SIR 2024
Arterial Interventions and Peripheral Arterial Disease (PAD)
Jung H. Yun, MD
IR/DR Resident
Jefferson Einstein Hospital
Financial relationships: Full list of relationships is listed on the CME information page.
Avi Sharma, MD
Director of AI & Body Radiologist
Jefferson Einstein Hospitals
Financial relationships: Full list of relationships is listed on the CME information page.
Sara Silberstein, MD, MS (she/her/hers)
Integrated IR/DR Resident Physician, PGY2
Jefferson Einstein Hospitals
Financial relationships: Full list of relationships is listed on the CME information page.
Derek Biederman, MD
Interventional Radiologist
Einstein Medical Center, Jefferson Health
Disclosure information not submitted.
Ryan K. Lee, MD
Radiology Department Chair
Einstein Medical Center, Jefferson Health
Disclosure information not submitted.
Implementation of an AI-based workflow utilizing a commercial solution (Aidoc, Tel Aviv) for patients with acute PE involved two steps: 1) an AI-driven worklist triage system (Aidoc-PE-only) was adopted to identify the presence of PE in all computed tomography pulmonary angiograms (CTPAs); 2) an AI-driven alert system (Aidoc-PERT), integrated with a mobile workflow, sent notifications for cases with large central PE and a right ventricular to left ventricular (RV/LV) ratio >1. The study was split into three periods: pre-Aidoc (01/2019-06/2019), Aidoc-PE-only (01/2020-06/2020), and Aidoc-PERT (01/2023-06/2023). Interventional radiology reports were used as the reference standard to identify advanced interventions initiated by the Pulmonary Embolism Response Team (PERT). The report identification was facilitated by a Natural Language Processing (NLP) engine.

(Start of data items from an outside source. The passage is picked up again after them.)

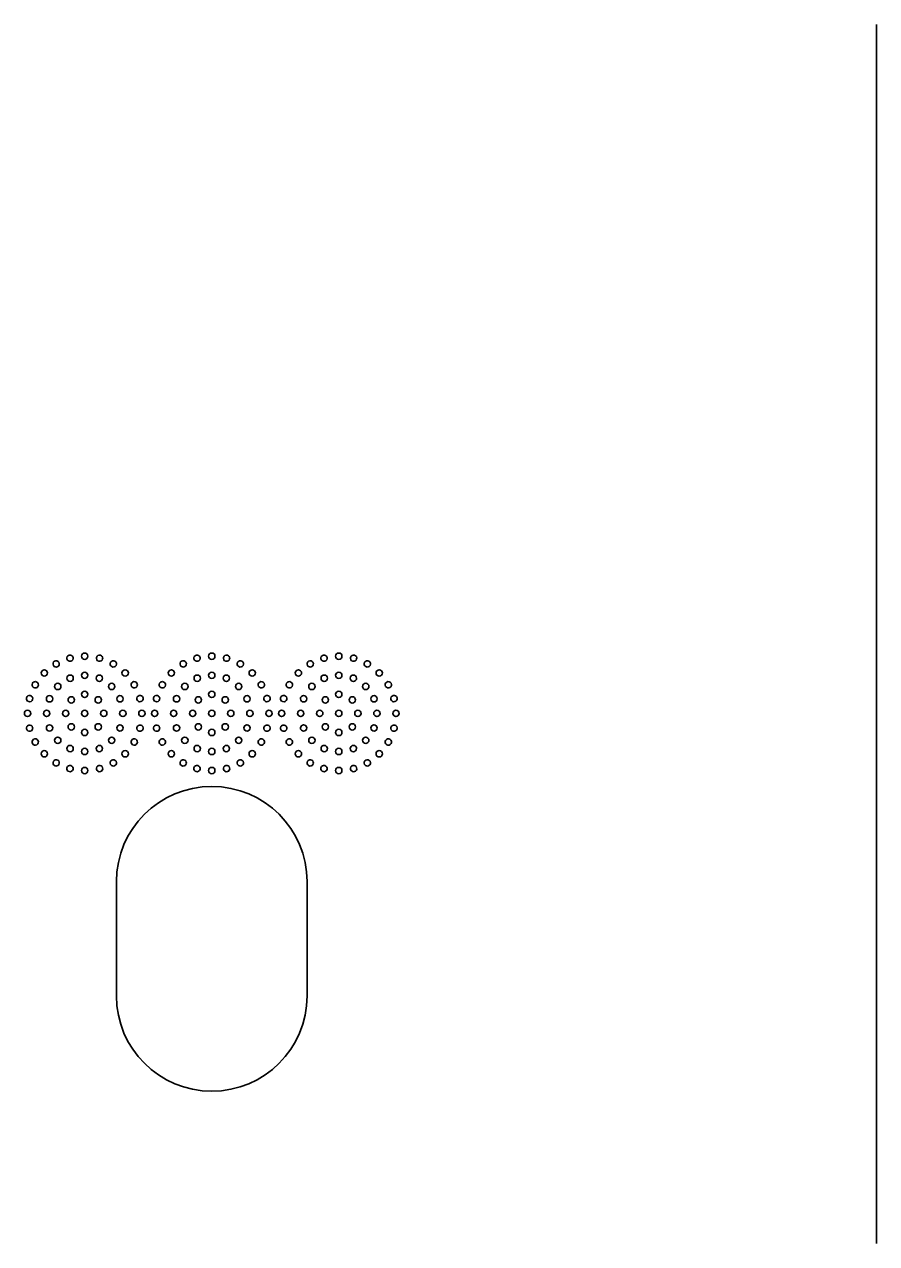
# Model space of a CAD drawing. Header units: inches. Extents: x 0 to 78.5, y 0 to 48.
# Drawn here: x 44.96 to 78.5, y 0 to 48 of the extents above; entities that cross this region are included whole.
import ezdxf

# ---------------------------------------------------------------- set-up
doc = ezdxf.new("R2010")
doc.units = ezdxf.units.IN
doc.header["$MEASUREMENT"] = 0
doc.layers.add('Layer 1', color=7, linetype='Continuous')

msp = doc.modelspace()

# ---------------------------------------------------------------- linework, layer by layer
at = {"layer": 'Layer 1', "color": 250, "lineweight": 35}
msp.add_lwpolyline([(78.5, 48), (78.5, 0)], dxfattribs=at)
for points, knots in [([(46.719, 23.169), (46.785, 23.187), (46.854, 23.147), (46.872, 23.081), (46.89, 23.014), (46.85, 22.945), (46.783, 22.928), (46.717, 22.91), (46.648, 22.949), (46.63, 23.016), (46.612, 23.083), (46.652, 23.151), (46.719, 23.169)], [0, 0, 0, 0, 1, 1, 1, 2, 2, 2, 3, 3, 3, 4, 4, 4, 4]), ([(47.333, 23.25), (47.402, 23.25), (47.458, 23.194), (47.458, 23.125), (47.458, 23.056), (47.402, 23), (47.333, 23), (47.264, 23), (47.208, 23.056), (47.208, 23.125), (47.208, 23.194), (47.264, 23.25), (47.333, 23.25)], [0, 0, 0, 0, 1, 1, 1, 2, 2, 2, 3, 3, 3, 4, 4, 4, 4]), ([(47.948, 23.169), (48.015, 23.151), (48.054, 23.083), (48.036, 23.016), (48.019, 22.949), (47.95, 22.91), (47.883, 22.928), (47.817, 22.945), (47.777, 23.014), (47.795, 23.081), (47.813, 23.147), (47.881, 23.187), (47.948, 23.169)], [0, 0, 0, 0, 1, 1, 1, 2, 2, 2, 3, 3, 3, 4, 4, 4, 4]), ([(51.719, 23.169), (51.785, 23.187), (51.854, 23.147), (51.872, 23.081), (51.89, 23.014), (51.85, 22.945), (51.783, 22.928), (51.717, 22.91), (51.648, 22.949), (51.63, 23.016), (51.612, 23.083), (51.652, 23.151), (51.719, 23.169)], [0, 0, 0, 0, 1, 1, 1, 2, 2, 2, 3, 3, 3, 4, 4, 4, 4]), ([(52.333, 23.25), (52.402, 23.25), (52.458, 23.194), (52.458, 23.125), (52.458, 23.056), (52.402, 23), (52.333, 23), (52.264, 23), (52.208, 23.056), (52.208, 23.125), (52.208, 23.194), (52.264, 23.25), (52.333, 23.25)], [0, 0, 0, 0, 1, 1, 1, 2, 2, 2, 3, 3, 3, 4, 4, 4, 4]), ([(52.948, 23.169), (53.015, 23.151), (53.054, 23.083), (53.036, 23.016), (53.019, 22.949), (52.95, 22.91), (52.883, 22.928), (52.817, 22.945), (52.777, 23.014), (52.795, 23.081), (52.813, 23.147), (52.881, 23.187), (52.948, 23.169)], [0, 0, 0, 0, 1, 1, 1, 2, 2, 2, 3, 3, 3, 4, 4, 4, 4]), ([(56.719, 23.169), (56.785, 23.187), (56.854, 23.147), (56.872, 23.081), (56.89, 23.014), (56.85, 22.945), (56.783, 22.928), (56.717, 22.91), (56.648, 22.949), (56.63, 23.016), (56.612, 23.083), (56.652, 23.151), (56.719, 23.169)], [0, 0, 0, 0, 1, 1, 1, 2, 2, 2, 3, 3, 3, 4, 4, 4, 4]), ([(57.333, 23.25), (57.402, 23.25), (57.458, 23.194), (57.458, 23.125), (57.458, 23.056), (57.402, 23), (57.333, 23), (57.264, 23), (57.208, 23.056), (57.208, 23.125), (57.208, 23.194), (57.264, 23.25), (57.333, 23.25)], [0, 0, 0, 0, 1, 1, 1, 2, 2, 2, 3, 3, 3, 4, 4, 4, 4]), ([(57.948, 23.169), (58.015, 23.151), (58.054, 23.083), (58.036, 23.016), (58.019, 22.949), (57.95, 22.91), (57.883, 22.928), (57.817, 22.945), (57.777, 23.014), (57.795, 23.081), (57.813, 23.147), (57.881, 23.187), (57.948, 23.169)], [0, 0, 0, 0, 1, 1, 1, 2, 2, 2, 3, 3, 3, 4, 4, 4, 4]), ([(45.654, 22.554), (45.703, 22.603), (45.782, 22.603), (45.831, 22.554), (45.88, 22.506), (45.88, 22.426), (45.831, 22.378), (45.782, 22.329), (45.703, 22.329), (45.654, 22.378), (45.605, 22.426), (45.605, 22.506), (45.654, 22.554)], [0, 0, 0, 0, 1, 1, 1, 2, 2, 2, 3, 3, 3, 4, 4, 4, 4]), ([(46.146, 22.932), (46.206, 22.966), (46.282, 22.946), (46.317, 22.886), (46.351, 22.826), (46.331, 22.75), (46.271, 22.715), (46.211, 22.681), (46.135, 22.701), (46.1, 22.761), (46.066, 22.821), (46.086, 22.897), (46.146, 22.932)], [0, 0, 0, 0, 1, 1, 1, 2, 2, 2, 3, 3, 3, 4, 4, 4, 4]), ([(48.521, 22.932), (48.581, 22.897), (48.601, 22.821), (48.567, 22.761), (48.532, 22.701), (48.456, 22.681), (48.396, 22.715), (48.336, 22.75), (48.316, 22.826), (48.35, 22.886), (48.385, 22.946), (48.461, 22.966), (48.521, 22.932)], [0, 0, 0, 0, 1, 1, 1, 2, 2, 2, 3, 3, 3, 4, 4, 4, 4]), ([(49.013, 22.554), (49.062, 22.506), (49.062, 22.426), (49.013, 22.378), (48.964, 22.329), (48.885, 22.329), (48.836, 22.378), (48.787, 22.426), (48.787, 22.506), (48.836, 22.554), (48.885, 22.603), (48.964, 22.603), (49.013, 22.554)], [0, 0, 0, 0, 1, 1, 1, 2, 2, 2, 3, 3, 3, 4, 4, 4, 4]), ([(50.654, 22.554), (50.703, 22.603), (50.782, 22.603), (50.831, 22.554), (50.88, 22.506), (50.88, 22.426), (50.831, 22.378), (50.782, 22.329), (50.703, 22.329), (50.654, 22.378), (50.605, 22.426), (50.605, 22.506), (50.654, 22.554)], [0, 0, 0, 0, 1, 1, 1, 2, 2, 2, 3, 3, 3, 4, 4, 4, 4]), ([(51.146, 22.932), (51.206, 22.966), (51.282, 22.946), (51.317, 22.886), (51.351, 22.826), (51.331, 22.75), (51.271, 22.715), (51.211, 22.681), (51.135, 22.701), (51.1, 22.761), (51.066, 22.821), (51.086, 22.897), (51.146, 22.932)], [0, 0, 0, 0, 1, 1, 1, 2, 2, 2, 3, 3, 3, 4, 4, 4, 4]), ([(53.521, 22.932), (53.581, 22.897), (53.601, 22.821), (53.567, 22.761), (53.532, 22.701), (53.456, 22.681), (53.396, 22.715), (53.336, 22.75), (53.316, 22.826), (53.35, 22.886), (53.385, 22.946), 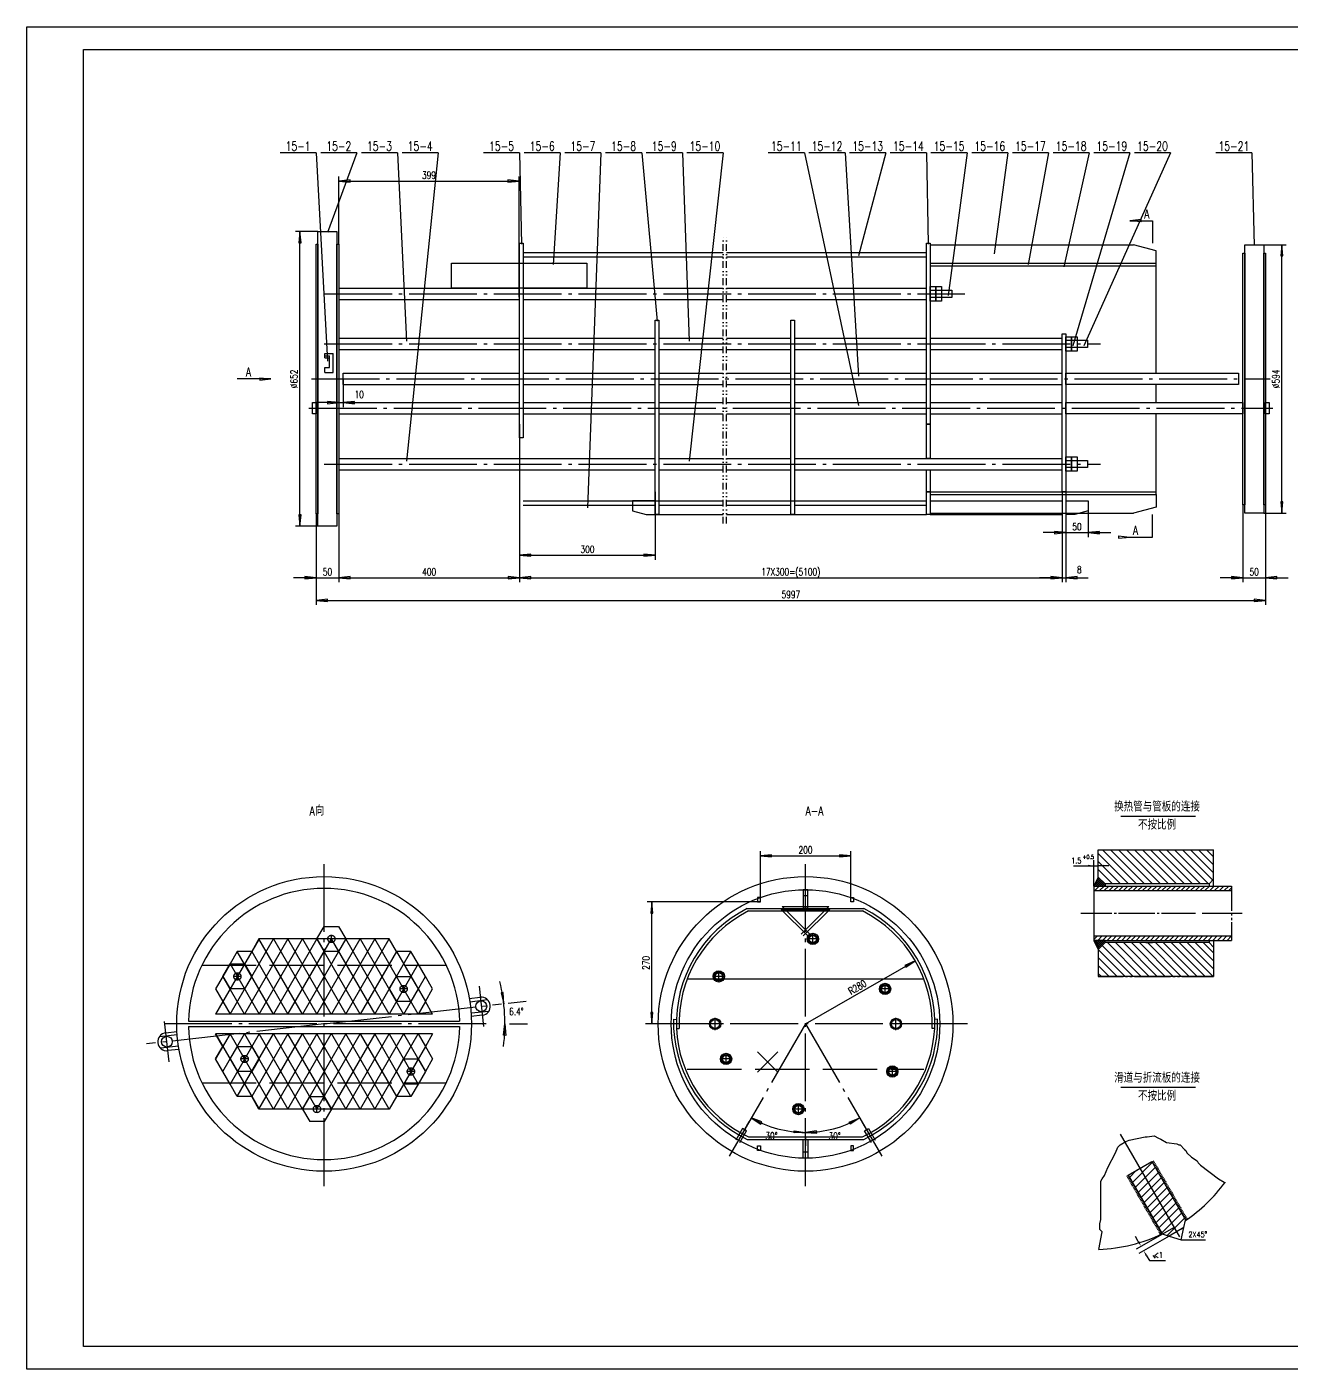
# Model space of a CAD drawing. Extents: x -125 to 4080, y -50 to 2920.
# Drawn here: x -125 to 2672, y -50 to 2920 of the extents above; entities that cross this region are included whole.
import ezdxf
from ezdxf.enums import TextEntityAlignment as Align

# ---------------------------------------------------------------- set-up
doc = ezdxf.new("R2010")
doc.units = 0
doc.header["$LTSCALE"] = 30
doc.header["$MEASUREMENT"] = 0
for name, pattern in [('CENTER', [6.25, 5, -0.5, 0.25, -0.5]), ('DASHED', [5, 4, -1]), ('DIVIDE', [1.25, 0.5, -0.25, 0, -0.25, 0, -0.25])]:
    doc.linetypes.add(name, pattern=pattern)
doc.layers.get('0').update_dxf_attribs({"linetype": 'CONTINUOUS'})
for name, color, linetype in [('1', 2, 'CONTINUOUS'), ('2', 1, 'CONTINUOUS'), ('4', 2, 'CENTER'), ('5', 2, 'DASHED'), ('6', 6, 'DIVIDE')]:
    doc.layers.add(name, color=color, linetype=linetype)
doc.styles.add('HZ', font='txt', dxfattribs={"width": 0.75, "bigfont": 'hztxt'})

# ---------------------------------------------------------------- blocks, each defined once
blk = doc.blocks.new('*X1')
at = {"color": 0}
for p, q in [((36.39, 52), (23, 65.39)), ((39.92, 52), (24.92, 67)), ((43.46, 52), (28.46, 67)), ((46.99, 52), (31.99, 67)), ((50.53, 52), (35.53, 67)), ((54.07, 52), (39.07, 67)), ((57.6, 52), (42.6, 67)), ((61.14, 52), (46.14, 67)), ((64.67, 52), (49.67, 67)), ((68.21, 52), (53.21, 67)), ((71.74, 52), (56.74, 67)), ((73.64, 53.64), (60.28, 67)), ((74, 56.81), (63.81, 67)), ((74, 60.35), (67.35, 67)), ((74, 63.89), (70.89, 67)), ((32.85, 52), (23, 61.85)), ((29.32, 52), (23, 58.32)), ((38.5, 11), (24.75, 24.75)), ((42.03, 11), (27.03, 26)), ((45.57, 11), (30.57, 26)), ((49.1, 11), (34.1, 26)), ((52.64, 11), (37.64, 26)), ((56.18, 11), (41.18, 26)), ((59.71, 11), (44.71, 26)), ((63.25, 11), (48.25, 26)), ((66.78, 11), (51.78, 26)), ((70.32, 11), (55.32, 26)), ((73.85, 11), (58.85, 26)), ((74, 14.39), (62.39, 26)), ((74, 17.92), (65.92, 26)), ((74, 21.46), (69.46, 26)), ((34.96, 11), (23, 22.96)), ((31.43, 11), (23, 19.43)), ((27.89, 11), (23, 15.89)), ((24.36, 11), (23, 12.36))]:
    blk.add_line(p, q, dxfattribs=at)
blk = doc.blocks.new('*X2')
at = {"color": 0}
for p, q in [((21.05, 51.1), (23.97, 54.03)), ((21.83, 51), (24.42, 53.58)), ((21.94, 52.87), (23.53, 54.47)), ((25.01, 51), (22.34, 53.68)), ((25.9, 51), (22.63, 54.27)), ((22.82, 54.64), (23.09, 54.91)), ((26, 51.78), (22.93, 54.85)), ((21.48, 51), (21.16, 51.32)), ((22.36, 51), (21.45, 51.91)), ((23.25, 51), (21.75, 52.5)), ((24.13, 51), (22.04, 53.09)), ((22.72, 51), (24.86, 53.14)), ((23.6, 51), (25.3, 52.7)), ((24.48, 51), (25.74, 52.26)), ((25.37, 51), (26, 51.63))]:
    blk.add_line(p, q, dxfattribs=at)
blk = doc.blocks.new('*X3')
at = {"color": 0}
for p, q in [((21.23, 26.54), (21.7, 27)), ((23.86, 23.86), (21.27, 26.46)), ((21.53, 25.95), (22.58, 27)), ((24.31, 24.31), (21.61, 27)), ((21.82, 25.36), (23.46, 27)), ((22.12, 24.77), (24.35, 27)), ((23.42, 23.42), (22.15, 24.69)), ((22.41, 24.18), (25.23, 27)), ((24.75, 24.75), (22.5, 27)), ((22.71, 23.59), (26, 26.88)), ((25.19, 25.19), (23.38, 27)), ((25.63, 25.63), (24.27, 27)), ((26, 26.15), (25.15, 27))]:
    blk.add_line(p, q, dxfattribs=at)
blk = doc.blocks.new('*X4')
at = {"color": 0}
for p, q in [((21, 50.7), (21.3, 51)), ((21.42, 49), (23.42, 51)), ((23.54, 49), (25.54, 51)), ((25.67, 49), (27.67, 51)), ((27.79, 49), (29.79, 51)), ((29.91, 49), (31.91, 51)), ((32.03, 49), (34.03, 51)), ((34.15, 49), (36.15, 51)), ((36.27, 49), (38.27, 51)), ((38.39, 49), (40.39, 51)), ((40.51, 49), (42.51, 51)), ((42.64, 49), (44.64, 51)), ((44.76, 49), (46.76, 51)), ((46.88, 49), (48.88, 51)), ((49, 49), (51, 51)), ((51.12, 49), (53.12, 51)), ((53.24, 49), (55.24, 51)), ((55.36, 49), (57.36, 51)), ((57.49, 49), (59.49, 51)), ((59.61, 49), (61.61, 51)), ((61.73, 49), (63.73, 51)), ((63.85, 49), (65.85, 51)), ((65.97, 49), (67.97, 51)), ((68.09, 49), (70.09, 51)), ((70.21, 49), (72.21, 51)), ((72.33, 49), (74.33, 51)), ((74.46, 49), (76.46, 51)), ((76.58, 49), (78.58, 51)), ((78.7, 49), (80.7, 51)), ((80.82, 49), (82, 50.18)), ((21, 27.36), (22.64, 29)), ((22.76, 27), (24.76, 29)), ((24.88, 27), (26.88, 29)), ((27, 27), (29, 29)), ((29.12, 27), (31.12, 29)), ((31.24, 27), (33.24, 29)), ((33.36, 27), (35.36, 29)), ((35.49, 27), (37.49, 29)), ((37.61, 27), (39.61, 29)), ((39.73, 27), (41.73, 29)), ((41.85, 27), (43.85, 29)), ((43.97, 27), (45.97, 29)), ((46.09, 27), (48.09, 29)), ((48.21, 27), (50.21, 29)), ((50.33, 27), (52.33, 29)), ((52.46, 27), (54.46, 29)), ((54.58, 27), (56.58, 29)), ((56.7, 27), (58.7, 29)), ((58.82, 27), (60.82, 29)), ((60.94, 27), (62.94, 29)), ((63.06, 27), (65.06, 29)), ((65.18, 27), (67.18, 29)), ((67.31, 27), (69.31, 29)), ((69.43, 27), (71.43, 29)), ((71.55, 27), (73.55, 29)), ((73.67, 27), (75.67, 29)), ((75.79, 27), (77.79, 29)), ((77.91, 27), (79.91, 29)), ((80.03, 27), (82, 28.97))]:
    blk.add_line(p, q, dxfattribs=at)
blk = doc.blocks.new('GSTUBE4')
at = {"layer": '1'}
for p, q in [((33, 82), (66, 82)), ((23, 67), (28, 67)), ((23, 67), (74, 67)), ((29, 67), (30, 67)), ((31, 67), (32, 67)), ((33, 67), (45, 67)), ((46, 67), (47, 67)), ((48, 67), (49, 67)), ((50, 67), (66, 67)), ((67, 67), (68, 67)), ((69, 67), (70, 67)), ((71, 67), (74, 67)), ((12, 60), (23, 60)), ((21, 51), (21, 62.5)), ((27.72, 60), (23, 60)), ((82, 51), (82, 40)), ((82, 51), (82, 49)), ((15.25, 39), (29, 39)), ((30, 39), (31, 39)), ((32, 39), (48, 39)), ((49, 39), (50, 39)), ((51, 39), (66, 39)), ((69, 39), (86.69, 39)), ((82, 39), (82, 38)), ((82, 37), (82, 36)), ((82, 35), (82, 32)), ((82, 32), (82, 27)), ((82, 29), (82, 27)), ((23, 11), (34, 11)), ((74, 11), (23, 11)), ((35, 11), (36, 11)), ((37, 11), (38, 11)), ((39, 11), (55, 11)), ((56, 11), (57, 11)), ((58, 11), (59, 11)), ((60, 11), (74, 11))]:
    blk.add_line(p, q, dxfattribs=at)
for points in [[(18.5, 59.58), (18.5, 60.42), (21, 60)], [(25.5, 59.58), (25.5, 60.42), (23, 60)]]:
    blk.add_solid(points, dxfattribs=at)
at = {"layer": '2'}
for p, q in [((23, 55), (23, 67)), ((74, 51), (74, 67)), ((23, 55), (21, 51)), ((26, 52), (23, 55)), ((72, 52), (74, 54)), ((21, 51), (82, 51)), ((21, 51), (21, 27)), ((21, 51), (26, 51)), ((21, 49), (82, 49)), ((72, 52), (26, 52)), ((26, 52), (26, 51)), ((72, 52), (72, 51)), ((21, 29), (82, 29)), ((21, 27), (82, 27)), ((21, 27), (23, 23)), ((26, 27), (21, 27)), ((26, 26), (23, 23)), ((26, 26), (26, 27)), ((72, 26), (26, 26)), ((44, 26), (47, 26)), ((72, 27), (72, 26)), ((72, 26), (74, 24)), ((74, 27), (74, 11)), ((23, 23), (23, 11))]:
    blk.add_line(p, q, dxfattribs=at)
at = {"layer": '1'}
for name in ['*X1', '*X2', '*X4', '*X3']:
    blk.add_blockref(name, (0, 0), dxfattribs=at)
at = {"layer": '1', "style": 'HZ', "width": 0.75}
for s, p in [('换热管与管板的连接', (49, 84)), ('不按比例', (49, 76))]:
    blk.add_text(s, height=4.5, dxfattribs=at).set_placement(p, align=Align.CENTER)
blk.add_text('+0.5', height=1.8, dxfattribs=at).set_placement((16, 63))
blk.add_attdef('L1', text='', height=2.5, dxfattribs=at).set_placement((15.5, 61), align=Align.RIGHT)
blk = doc.blocks.new('*X13')
at = {"color": 0}
for p, q in [((43.42, 39.88), (52.2, 48.67)), ((42.12, 42.12), (45.24, 45.24)), ((44.71, 37.64), (53.5, 46.43)), ((46.01, 35.4), (54.79, 44.18)), ((47.3, 33.16), (56.09, 41.94)), ((48.59, 30.92), (57.38, 39.7)), ((49.89, 28.68), (58.67, 37.46)), ((51.18, 26.43), (59.97, 35.22)), ((52.48, 24.19), (61.26, 32.98)), ((53.77, 21.95), (62.56, 30.74)), ((55.07, 19.71), (63.85, 28.49)), ((56.36, 17.47), (65.14, 26.25)), ((58.71, 16.29), (66.44, 24.01)), ((65.2, 19.24), (66.16, 20.2))]:
    blk.add_line(p, q, dxfattribs=at)
blk = doc.blocks.new('GSSLIDE')
at = {"layer": '1'}
for p, q in [((33, 82), (66, 82)), ((32.69, 61.27), (58.95, 15.79)), ((46.86, 48.96), (47.72, 49.46)), ((47.21, 48.35), (48.07, 48.85)), ((47.56, 47.75), (48.42, 48.25)), ((47.91, 47.14), (48.77, 47.64)), ((36.31, 42.98), (35.44, 42.48)), ((36.66, 42.37), (35.79, 41.87)), ((37.01, 41.77), (36.14, 41.27)), ((48.26, 46.54), (49.12, 47.04)), ((48.61, 45.93), (49.47, 46.43)), ((48.96, 45.32), (49.82, 45.82)), ((49.31, 44.72), (50.17, 45.22)), ((49.66, 44.11), (50.52, 44.61)), ((50.01, 43.51), (50.87, 44.01)), ((50.36, 42.9), (51.22, 43.4)), ((50.71, 42.29), (51.57, 42.79)), ((51.06, 41.69), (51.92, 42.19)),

Results: A total of 6,111 patients who underwent CTPAs were analyzed by the AI solution, of which 71 patients had PERT interventions. The monthly mean volume of CTPAs were: pre-Aidoc, 337 scans; Aidoc-PE-Only, 316 scans; and Aidoc-PERT, 365 scans. The prevalence of PERT intervention was: pre-Aidoc, 0.84% (17/2,022); Aidoc-PE-Only, 1.16% (22/1,898); and Aidoc-PERT, 1.46% (32/2,191 CTPAs). During the Aidoc-PERT phase, 84% (27/32) of the PERT interventions were preceded by an initial CTPA scan. The system alerted on 89% (24/27) of the patients. 16% (5/32) of the PERT interventions did not have initial CTPAs; 60% (3/5) were CT CAP (Chest-Abdomen-Pelvis) aortic dissection protocol and 40% (2/5) were routine venous-phase CT CAP exams.
Conclusion:
The phased implementation of an AI-based workflow for acute PE led to an increase in clinically appropriate advanced interventions. The Aidoc-PERT period showed the highest prevalence of advanced interventions. Notably, 16% of patients undergoing PERT interventions were identified on non-CTPA exams, underscoring the necessity for AI-driven workflows to include incidental PE, which have since been implemented. These findings suggest that integrating AI into acute PE diagnostic and interventional workflows can enhance quality and timeliness of patient care. Further analysis aims to include clinical outcomes such as LOS and M&M.